Each line of the listing that contains "Mechanical" should be found and copied.

-*-

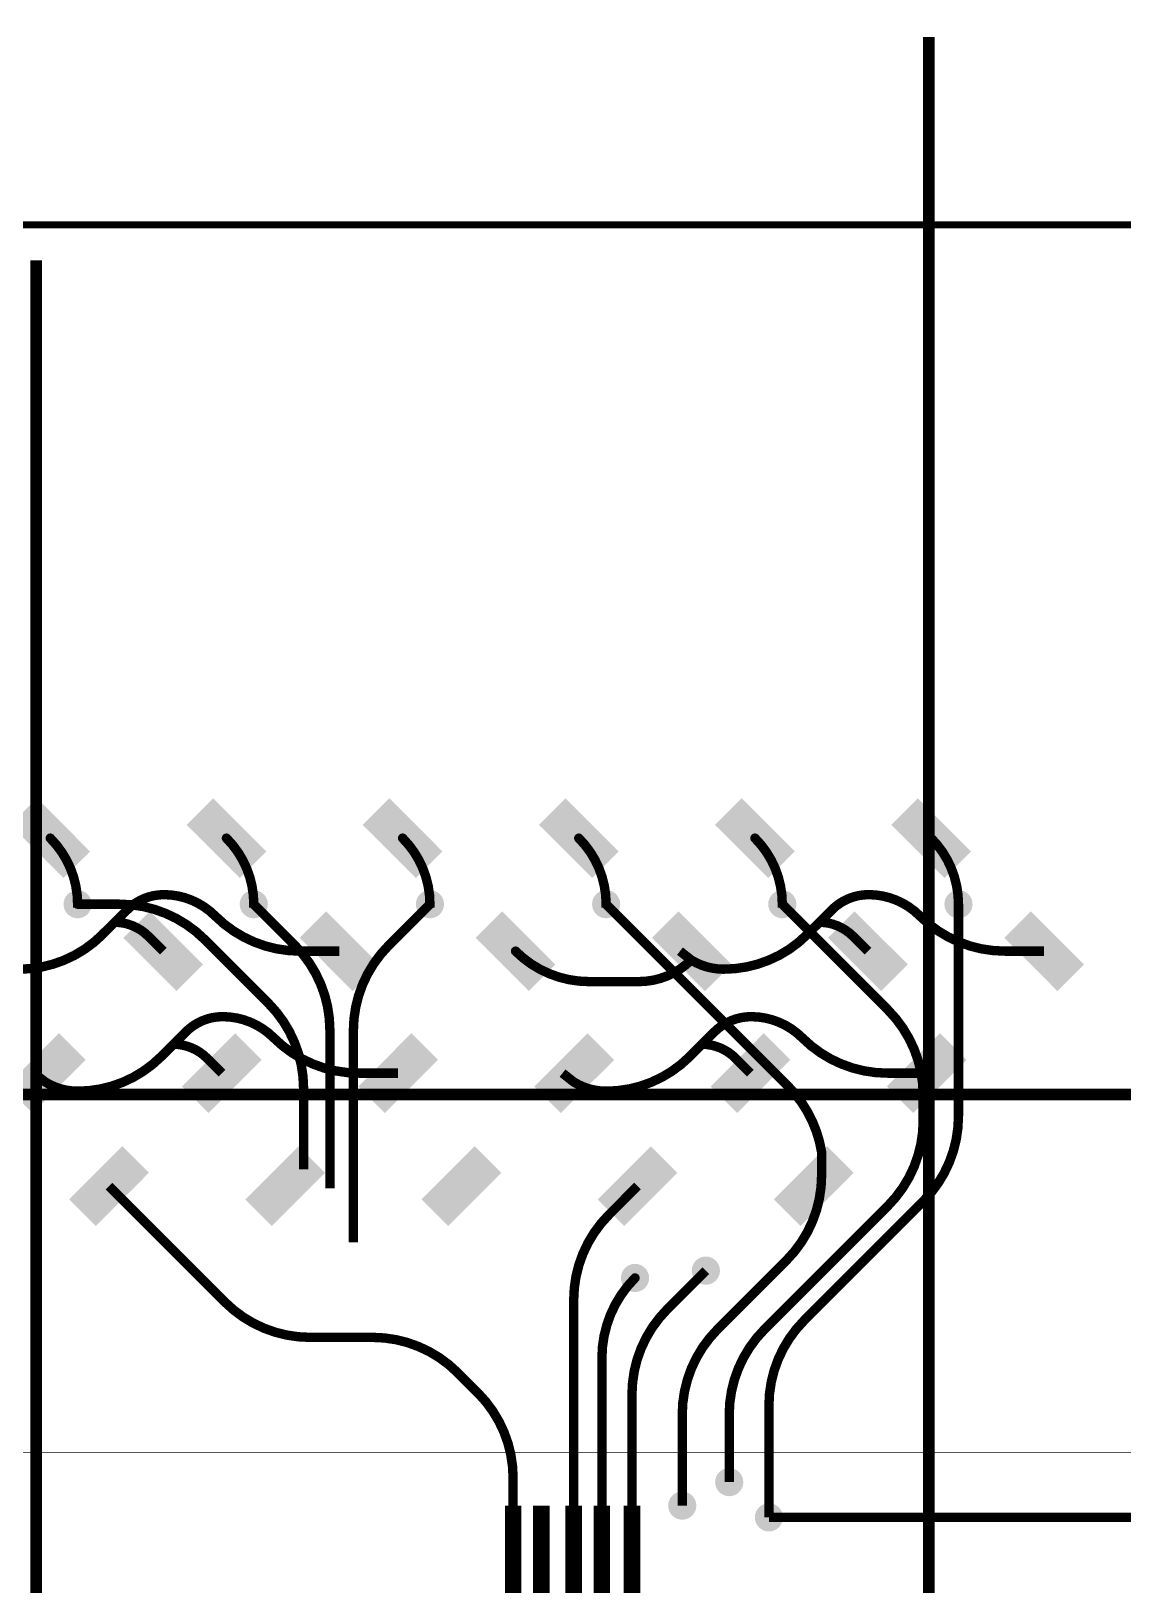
# Model space of a CAD drawing. Header units: inches. Extents: x -214 to 438, y -213 to 250.
# Drawn here: x -85.61 to -62.37, y 9.56 to 42.62 of the extents above; entities that cross this region are included whole.
import ezdxf

# ---------------------------------------------------------------- set-up
doc = ezdxf.new("R2010")
doc.units = ezdxf.units.IN
for name, color, linetype in [('Bottom Layer', 5, 'Continuous'), ('Drawing3', 56, 'Continuous'), ('Mechanical 22', 56, 'Continuous'), ('Outline', 6, 'Continuous'), ('Top Layer', 1, 'Continuous')]:
    doc.layers.add(name, color=color, linetype=linetype)

msp = doc.modelspace()

# ---------------------------------------------------------------- hatches: boundary and pattern name
at = {"layer": 'Bottom Layer'}
h = msp.add_hatch(color=5, dxfattribs=at)
edge = h.paths.add_edge_path()
edge.add_arc((-84.62, 24.047), 0.3, 0, 360)
h = msp.add_hatch(color=5, dxfattribs=at)
edge = h.paths.add_edge_path()
edge.add_arc((-80.87, 24.047), 0.3, 0, 360)
h = msp.add_hatch(color=5, dxfattribs=at)
edge = h.paths.add_edge_path()
edge.add_arc((-77.12, 24.047), 0.3, 0, 360)
h = msp.add_hatch(color=5, dxfattribs=at)
edge = h.paths.add_edge_path()
edge.add_arc((-73.37, 24.047), 0.3, 0, 360)
h = msp.add_hatch(color=5, dxfattribs=at)
edge = h.paths.add_edge_path()
edge.add_arc((-69.62, 24.047), 0.3, 0, 360)
h = msp.add_hatch(color=5, dxfattribs=at)
edge = h.paths.add_edge_path()
edge.add_arc((-65.87, 24.047), 0.3, 0, 360)
h = msp.add_hatch(color=5, dxfattribs=at)
edge = h.paths.add_edge_path()
edge.add_arc((-71.247, 16.25), 0.3, 0, 360)
h = msp.add_hatch(color=5, dxfattribs=at)
edge = h.paths.add_edge_path()
edge.add_arc((-72.755, 16.094), 0.3, 0, 360)
h = msp.add_hatch(color=5, dxfattribs=at)
edge = h.paths.add_edge_path()
edge.add_arc((-70.75, 11.75), 0.3, 0, 360)
h = msp.add_hatch(color=5, dxfattribs=at)
edge = h.paths.add_edge_path()
edge.add_arc((-71.75, 11.25), 0.3, 0, 360)
h = msp.add_hatch(color=5, dxfattribs=at)
edge = h.paths.add_edge_path()
edge.add_arc((-69.905, 11), 0.3, 0, 360)
at = {"layer": 'Top Layer'}
for points in [[(-85.485, 26.301), (-84.354, 25.169), (-84.919, 24.604), (-86.051, 25.735)], [(-81.735, 26.301), (-80.604, 25.169), (-81.169, 24.604), (-82.301, 25.735)], [(-77.985, 26.301), (-76.854, 25.169), (-77.419, 24.604), (-78.551, 25.735)], [(-74.235, 26.301), (-73.104, 25.169), (-73.669, 24.604), (-74.801, 25.735)], [(-70.485, 26.301), (-69.354, 25.169), (-69.919, 24.604), (-71.051, 25.735)], [(-66.735, 26.301), (-65.604, 25.169), (-66.169, 24.604), (-67.301, 25.735)], [(-83.081, 23.896), (-81.949, 22.765), (-82.515, 22.199), (-83.646, 23.331)], [(-79.331, 23.896), (-78.199, 22.765), (-78.765, 22.199), (-79.896, 23.331)], [(-75.581, 23.896), (-74.449, 22.765), (-75.015, 22.199), (-76.146, 23.331)], [(-71.831, 23.896), (-70.699, 22.765), (-71.265, 22.199), (-72.396, 23.331)], [(-68.081, 23.896), (-66.949, 22.765), (-67.515, 22.199), (-68.646, 23.331)], [(-64.331, 23.896), (-63.199, 22.765), (-63.765, 22.199), (-64.896, 23.331)], [(-86.146, 20.169), (-85.015, 21.301), (-84.449, 20.735), (-85.581, 19.604)], [(-82.396, 20.169), (-81.265, 21.301), (-80.699, 20.735), (-81.831, 19.604)], [(-78.646, 20.169), (-77.515, 21.301), (-76.949, 20.735), (-78.081, 19.604)], [(-74.896, 20.169), (-73.765, 21.301), (-73.199, 20.735), (-74.331, 19.604)], [(-71.146, 20.169), (-70.015, 21.301), (-69.449, 20.735), (-70.581, 19.604)], [(-67.396, 20.169), (-66.265, 21.301), (-65.699, 20.735), (-66.831, 19.604)], [(-84.801, 17.765), (-83.669, 18.896), (-83.104, 18.331), (-84.235, 17.199)], [(-81.051, 17.765), (-79.919, 18.896), (-79.354, 18.331), (-80.485, 17.199)], [(-77.301, 17.765), (-76.169, 18.896), (-75.604, 18.331), (-76.735, 17.199)], [(-73.551, 17.765), (-72.419, 18.896), (-71.854, 18.331), (-72.985, 17.199)], [(-69.801, 17.765), (-68.669, 18.896), (-68.104, 18.331), (-69.235, 17.199)]]:
    msp.add_hatch(color=1, dxfattribs=at).paths.add_polyline_path(points)
h = msp.add_hatch(color=1, dxfattribs=at)
edge = h.paths.add_edge_path()
edge.add_arc((-84.62, 24.047), 0.3, 0, 360)
h = msp.add_hatch(color=1, dxfattribs=at)
edge = h.paths.add_edge_path()
edge.add_arc((-80.87, 24.047), 0.3, 0, 360)
h = msp.add_hatch(color=1, dxfattribs=at)
edge = h.paths.add_edge_path()
edge.add_arc((-77.12, 24.047), 0.3, 0, 360)
h = msp.add_hatch(color=1, dxfattribs=at)
edge = h.paths.add_edge_path()
edge.add_arc((-73.37, 24.047), 0.3, 0, 360)
h = msp.add_hatch(color=1, dxfattribs=at)
edge = h.paths.add_edge_path()
edge.add_arc((-69.62, 24.047), 0.3, 0, 360)
h = msp.add_hatch(color=1, dxfattribs=at)
edge = h.paths.add_edge_path()
edge.add_arc((-65.87, 24.047), 0.3, 0, 360)
h = msp.add_hatch(color=1, dxfattribs=at)
edge = h.paths.add_edge_path()
edge.add_arc((-71.247, 16.25), 0.3, 0, 360)
h = msp.add_hatch(color=1, dxfattribs=at)
edge = h.paths.add_edge_path()
edge.add_arc((-72.755, 16.094), 0.3, 0, 360)
h = msp.add_hatch(color=1, dxfattribs=at)
edge = h.paths.add_edge_path()
edge.add_arc((-70.75, 11.75), 0.3, 0, 360)
h = msp.add_hatch(color=1, dxfattribs=at)
edge = h.paths.add_edge_path()
edge.add_arc((-71.75, 11.25), 0.3, 0, 360)
h = msp.add_hatch(color=1, dxfattribs=at)
edge = h.paths.add_edge_path()
edge.add_arc((-69.905, 11), 0.3, 0, 360)

# ---------------------------------------------------------------- linework, layer by layer
at = {"layer": 'Bottom Layer', "const_width": 0.2}
for points in [[(-84.62, 24.047), (-83.729, 24.047)], [(-80.87, 24.047), (-80.001, 23.178)], [(-77.999, 23.168), (-77.12, 24.047)], [(-73.37, 24.047), (-69.501, 20.178)], [(-69.62, 24.047), (-67.373, 21.799)], [(-65.87, 19.538), (-65.87, 24.047)], [(-81.915, 23.295), (-80.561, 21.941)], [(-79.25, 18), (-79.25, 21.364)], [(-78.75, 16.854), (-78.75, 21.354)], [(-79.81, 18.404), (-79.81, 20.127)], [(-66.621, 19.441), (-66.621, 19.985)], [(-68.783, 18.28), (-68.783, 18.771)], [(-69.999, 15.001), (-67.373, 17.627)], [(-69.153, 15.192), (-66.621, 17.724)], [(-70.999, 15.001), (-69.534, 16.466)], [(-71.75, 11.25), (-71.75, 13.187)], [(-70.75, 11.75), (-70.75, 13.187)], [(-69.905, 11), (-69.905, 13.378)]]:
    msp.add_lwpolyline(points, dxfattribs=at)
for points in [[(-83.729, 24.047, -0.198912), (-81.915, 23.295)], [(-80.001, 23.178, -0.198912), (-79.25, 21.364)], [(-78.75, 21.354, -0.198912), (-77.999, 23.168)], [(-80.561, 21.941, -0.198912), (-79.81, 20.127)], [(-67.373, 21.799, -0.198912), (-66.621, 19.985)], [(-69.501, 20.178, -0.157779), (-68.783, 18.771)], [(-66.621, 19.441, -0.198912), (-67.373, 17.627)], [(-65.87, 19.538, -0.198912), (-66.621, 17.724)], [(-68.783, 18.28, -0.198912), (-69.534, 16.466)], [(-69.905, 13.378, -0.198912), (-69.153, 15.192)], [(-71.75, 13.187, -0.198912), (-70.999, 15.001)], [(-70.75, 13.187, -0.198912), (-69.999, 15.001)]]:
    msp.add_lwpolyline(points, format="xyb", dxfattribs=at)
at = {"layer": 'Bottom Layer', "const_width": 0.1}
for points in [[(-83.779, 24.047, 1), (-83.679, 24.047, 1)], [(-81.965, 23.295, 1), (-81.865, 23.295, 1)], [(-80.051, 23.178, 1), (-79.951, 23.178, 1)], [(-78.049, 23.168, 1), (-77.949, 23.168, 1)], [(-80.611, 21.941, 1), (-80.511, 21.941, 1)], [(-67.423, 21.799, 1), (-67.323, 21.799, 1)], [(-79.3, 21.364, 1), (-79.2, 21.364, 1)], [(-78.8, 21.354, 1), (-78.7, 21.354, 1)], [(-79.86, 20.127, 1), (-79.76, 20.127, 1)], [(-69.551, 20.178, 1), (-69.451, 20.178, 1)], [(-66.671, 19.985, 1), (-66.571, 19.985, 1)], [(-66.671, 19.441, 1), (-66.571, 19.441, 1)], [(-65.92, 19.538, 1), (-65.82, 19.538, 1)], [(-68.833, 18.771, 1), (-68.733, 18.771, 1)], [(-68.833, 18.28, 1), (-68.733, 18.28, 1)], [(-67.423, 17.627, 1), (-67.323, 17.627, 1)], [(-66.671, 17.724, 1), (-66.571, 17.724, 1)], [(-69.584, 16.466, 1), (-69.484, 16.466, 1)], [(-69.203, 15.192, 1), (-69.103, 15.192, 1)], [(-71.049, 15.001, 1), (-70.949, 15.001, 1)], [(-70.049, 15.001, 1), (-69.949, 15.001, 1)], [(-71.8, 13.187, 1), (-71.7, 13.187, 1)], [(-70.8, 13.187, 1), (-70.7, 13.187, 1)], [(-69.955, 13.378, 1), (-69.855, 13.378, 1)]]:
    msp.add_lwpolyline(points, format="xyb", close=True, dxfattribs=at)
at = {"layer": 'Drawing3', "const_width": 0.0127}
msp.add_lwpolyline([(-136.2, 12.381), (208.605, 12.381)], dxfattribs=at)
at = {"layer": 'Mechanical 22', "const_width": 0.25}
for points in [[(-66.501, -68.5), (-66.501, 42.5)], [(-85.501, -73.25), (-85.501, 37.75)], [(-139, 20), (10, 20)]]:
    msp.add_lwpolyline(points, dxfattribs=at)
at = {"layer": 'Outline', "const_width": 0.15}
msp.add_lwpolyline([(-134.25, 38.5), (13.664, 38.5)], dxfattribs=at)
at = {"layer": 'Top Layer', "const_width": 0.2}
for points in [[(-85.202, 25.452, -0.198912), (-84.62, 24.047)], [(-81.452, 25.452, -0.198912), (-80.87, 24.047)], [(-77.702, 25.452, -0.198912), (-77.12, 24.047)], [(-73.952, 25.452, -0.198912), (-73.37, 24.047)], [(-70.202, 25.452, -0.198912), (-69.62, 24.047)], [(-66.452, 25.452, -0.198912), (-65.87, 24.047)], [(-83.567, 23.925, -0.198912), (-82.783, 24.25)], [(-82.783, 24.25, -0.198912), (-81.695, 23.799)], [(-68.567, 23.925, -0.198912), (-67.783, 24.25)], [(-67.783, 24.25, -0.198912), (-66.695, 23.799)], [(-79.881, 23.048, -0.198912), (-81.695, 23.799)], [(-64.881, 23.048, -0.198912), (-66.695, 23.799)], [(-84.094, 23.398, -0.198708), (-85.87, 22.664)], [(-83.83, 23.662, -0.198912), (-83.117, 23.367)], [(-69.094, 23.398, -0.198708), (-70.87, 22.664)], [(-68.83, 23.662, -0.198912), (-68.117, 23.367)], [(-73.734, 22.4, -0.198912), (-75.298, 23.048)], [(-71.561, 22.86, -0.198912), (-72.673, 22.4)], [(-70.87, 22.664, -0.139585), (-71.561, 22.86)], [(-82.317, 21.329, -0.198912), (-81.533, 21.654)], [(-81.533, 21.654, -0.198912), (-80.445, 21.203)], [(-71.067, 21.329, -0.198912), (-70.283, 21.654)], [(-70.283, 21.654, -0.198912), (-69.195, 21.203)], [(-82.58, 21.067, -0.198912), (-81.867, 20.771)], [(-78.631, 20.452, -0.198912), (-80.445, 21.203)], [(-71.33, 21.067, -0.198912), (-70.617, 20.771)], [(-67.381, 20.452, -0.198912), (-69.195, 21.203)], [(-82.844, 20.802, -0.198708), (-84.62, 20.068)], [(-71.594, 20.802, -0.198708), (-73.37, 20.068)], [(-84.62, 20.068, -0.139585), (-85.311, 20.265)], [(-73.37, 20.068, -0.139585), (-74.061, 20.265)], [(-74.06, 15.627, -0.198912), (-73.309, 17.441)], [(-73.46, 14.392, -0.198912), (-72.755, 16.094)], [(-79.672, 14.83, -0.198912), (-81.486, 15.582)], [(-72.82, 13.614, -0.198912), (-72.069, 15.428)], [(-78.345, 14.83, -0.198912), (-76.531, 14.079)], [(-76.101, 13.649, -0.198912), (-75.35, 11.835)]]:
    msp.add_lwpolyline(points, format="xyb", dxfattribs=at)
at = {"layer": 'Top Layer', "const_width": 0.1}
for points in [[(-85.252, 25.452, 1), (-85.152, 25.452, 1)], [(-81.502, 25.452, 1), (-81.402, 25.452, 1)], [(-77.752, 25.452, 1), (-77.652, 25.452, 1)], [(-74.002, 25.452, 1), (-73.902, 25.452, 1)], [(-70.252, 25.452, 1), (-70.152, 25.452, 1)], [(-66.502, 25.452, 1), (-66.402, 25.452, 1)], [(-84.67, 24.047, 1), (-84.57, 24.047, 1)], [(-82.833, 24.25, 1), (-82.733, 24.25, 1)], [(-82.833, 24.25, 1), (-82.733, 24.25, 1)], [(-80.92, 24.047, 1), (-80.82, 24.047, 1)], [(-77.17, 24.047, 1), (-77.07, 24.047, 1)], [(-73.42, 24.047, 1), (-73.32, 24.047, 1)], [(-69.67, 24.047, 1), (-69.57, 24.047, 1)], [(-67.833, 24.25, 1), (-67.733, 24.25, 1)], [(-67.833, 24.25, 1), (-67.733, 24.25, 1)], [(-65.92, 24.047, 1), (-65.82, 24.047, 1)], [(-83.617, 23.925, 1), (-83.517, 23.925, 1)], [(-81.745, 23.799, 1), (-81.645, 23.799, 1)], [(-81.745, 23.799, 1), (-81.645, 23.799, 1)], [(-68.617, 23.925, 1), (-68.517, 23.925, 1)], [(-66.745, 23.799, 1), (-66.645, 23.799, 1)], [(-66.745, 23.799, 1), (-66.645, 23.799, 1)], [(-84.144, 23.398, 1), (-84.044, 23.398, 1)], [(-83.88, 23.662, 1), (-83.78, 23.662, 1)], [(-69.144, 23.398, 1), (-69.044, 23.398, 1)], [(-68.88, 23.662, 1), (-68.78, 23.662, 1)], [(-83.167, 23.367, 1), (-83.067, 23.367, 1)], [(-79.931, 23.048, 1), (-79.831, 23.048, 1)], [(-75.348, 23.048, 1), (-75.248, 23.048, 1)], [(-68.167, 23.367, 1), (-68.067, 23.367, 1)], [(-64.931, 23.048, 1), (-64.831, 23.048, 1)], [(-71.611, 22.86, 1), (-71.511, 22.86, 1)], [(-71.611, 22.86, 1), (-71.511, 22.86, 1)], [(-73.784, 22.4, 1), (-73.684, 22.4, 1)], [(-72.723, 22.4, 1), (-72.623, 22.4, 1)], [(-70.92, 22.664, 1), (-70.82, 22.664, 1)], [(-70.92, 22.664, 1), (-70.82, 22.664, 1)], [(-81.583, 21.654, 1), (-81.483, 21.654, 1)], [(-81.583, 21.654, 1), (-81.483, 21.654, 1)], [(-70.333, 21.654, 1), (-70.233, 21.654, 1)], [(-70.333, 21.654, 1), (-70.233, 21.654, 1)], [(-82.63, 21.067, 1), (-82.53, 21.067, 1)], [(-82.367, 21.329, 1), (-82.267, 21.329, 1)], [(-80.495, 21.203, 1), (-80.395, 21.203, 1)], [(-80.495, 21.203, 1), (-80.395, 21.203, 1)], [(-71.38, 21.067, 1), (-71.28, 21.067, 1)], [(-71.117, 21.329, 1), (-71.017, 21.329, 1)], [(-69.245, 21.203, 1), (-69.145, 21.203, 1)], [(-69.245, 21.203, 1), (-69.145, 21.203, 1)], [(-82.894, 20.802, 1), (-82.794, 20.802, 1)], [(-81.917, 20.771, 1), (-81.817, 20.771, 1)], [(-71.644, 20.802, 1), (-71.544, 20.802, 1)], [(-70.667, 20.771, 1), (-70.567, 20.771, 1)], [(-78.681, 20.452, 1), (-78.581, 20.452, 1)], [(-67.431, 20.452, 1), (-67.331, 20.452, 1)], [(-85.361, 20.265, 1), (-85.261, 20.265, 1)], [(-74.111, 20.265, 1), (-74.011, 20.265, 1)], [(-84.67, 20.068, 1), (-84.57, 20.068, 1)], [(-84.67, 20.068, 1), (-84.57, 20.068, 1)], [(-73.42, 20.068, 1), (-73.32, 20.068, 1)], [(-73.42, 20.068, 1), (-73.32, 20.068, 1)], [(-73.359, 17.441, 1), (-73.259, 17.441, 1)], [(-72.805, 16.094, 1), (-72.705, 16.094, 1)], [(-81.536, 15.582, 1), (-81.436, 15.582, 1)], [(-74.11, 15.627, 1), (-74.01, 15.627, 1)], [(-72.119, 15.428, 1), (-72.019, 15.428, 1)], [(-79.722, 14.83, 1), (-79.622, 14.83, 1)], [(-78.395, 14.83, 1), (-78.295, 14.83, 1)], [(-73.51, 14.392, 1), (-73.41, 14.392, 1)], [(-76.581, 14.079, 1), (-76.481, 14.079, 1)], [(-76.151, 13.649, 1), (-76.051, 13.649, 1)], [(-72.87, 13.614, 1), (-72.77, 13.614, 1)], [(-75.4, 11.835, 1), (-75.3, 11.835, 1)]]:
    msp.add_lwpolyline(points, format="xyb", close=True, dxfattribs=at)
at = {"layer": 'Top Layer'}
for points, const_width in [([(-84.62, 23.972), (-84.62, 24.047)], 0.2), ([(-80.87, 23.972), (-80.87, 24.047)], 0.2), ([(-77.12, 23.972), (-77.12, 24.047)], 0.2), ([(-73.37, 23.972), (-73.37, 24.047)], 0.2), ([(-69.62, 23.972), (-69.62, 24.047)], 0.2), ([(-65.87, 23.972), (-65.87, 24.047)], 0.2), ([(-83.83, 23.662), (-83.567, 23.925)], 0.2), ([(-68.83, 23.662), (-68.567, 23.925)], 0.2), ([(-84.094, 23.398), (-84.092, 23.401)], 0.2), ([(-84.092, 23.401), (-83.83, 23.662)], 0.2), ([(-69.094, 23.398), (-69.092, 23.401)], 0.2), ([(-69.092, 23.401), (-68.83, 23.662)], 0.2), ([(-83.117, 23.367), (-82.798, 23.048)], 0.2), ([(-79.881, 23.048), (-79.048, 23.048)], 0.2), ([(-71.798, 23.048), (-71.561, 22.86)], 0.2), ([(-68.117, 23.367), (-67.798, 23.048)], 0.2), ([(-64.881, 23.048), (-64.048, 23.048)], 0.2), ([(-73.734, 22.4), (-72.673, 22.4)], 0.2), ([(-82.842, 20.805), (-82.58, 21.067)], 0.2), ([(-82.58, 21.067), (-82.317, 21.329)], 0.2), ([(-71.592, 20.805), (-71.33, 21.067)], 0.2), ([(-71.33, 21.067), (-71.067, 21.329)], 0.2), ([(-82.844, 20.802), (-82.842, 20.805)], 0.2), ([(-81.867, 20.771), (-81.548, 20.452)], 0.2), ([(-71.594, 20.802), (-71.592, 20.805)], 0.2), ([(-70.617, 20.771), (-70.298, 20.452)], 0.2), ([(-85.548, 20.452), (-85.311, 20.265)], 0.2), ([(-78.631, 20.452), (-77.798, 20.452)], 0.2), ([(-74.298, 20.452), (-74.061, 20.265)], 0.2), ([(-67.381, 20.452), (-66.548, 20.452)], 0.2), ([(-83.952, 18.048), (-81.486, 15.582)], 0.2), ([(-73.309, 17.441), (-72.702, 18.048)], 0.2), ([(-72.069, 15.428), (-71.247, 16.25)], 0.2), ([(-74.06, 11.25), (-74.06, 15.627)], 0.2), ([(-79.672, 14.83), (-78.345, 14.83)], 0.2), ([(-73.46, 11.25), (-73.46, 14.392)], 0.2), ([(-76.531, 14.079), (-76.101, 13.649)], 0.2), ([(-72.82, 11.25), (-72.82, 13.614)], 0.2), ([(-75.35, 11.25), (-75.35, 11.835)], 0.2), ([(-75.35, 7.604), (-75.35, 11.25)], 0.35), ([(-74.75, 7.319), (-74.75, 11.25)], 0.35), ([(-74.06, 7.037), (-74.06, 11.25)], 0.35), ([(-73.46, 8.782), (-73.46, 11.25)], 0.35), ([(-72.82, 6.892), (-72.82, 11.25)], 0.35), ([(-69.905, 11), (-57.604, 11)], 0.2)]:
    msp.add_lwpolyline(points, dxfattribs=dict(at, const_width=const_width))

doc.saveas('drawing.dxf')

-*-

- Answer box:
for name, color, linetype in [('Bottom Layer', 5, 'Continuous'), ('Drawing3', 56, 'Continuous'), ('Mechanical 22', 56, 'Continuous'), ('Outline', 6, 'Continuous'), ('Top Layer', 1, 'Continuous')]:
at = {"layer": 'Mechanical 22', "const_width": 0.25}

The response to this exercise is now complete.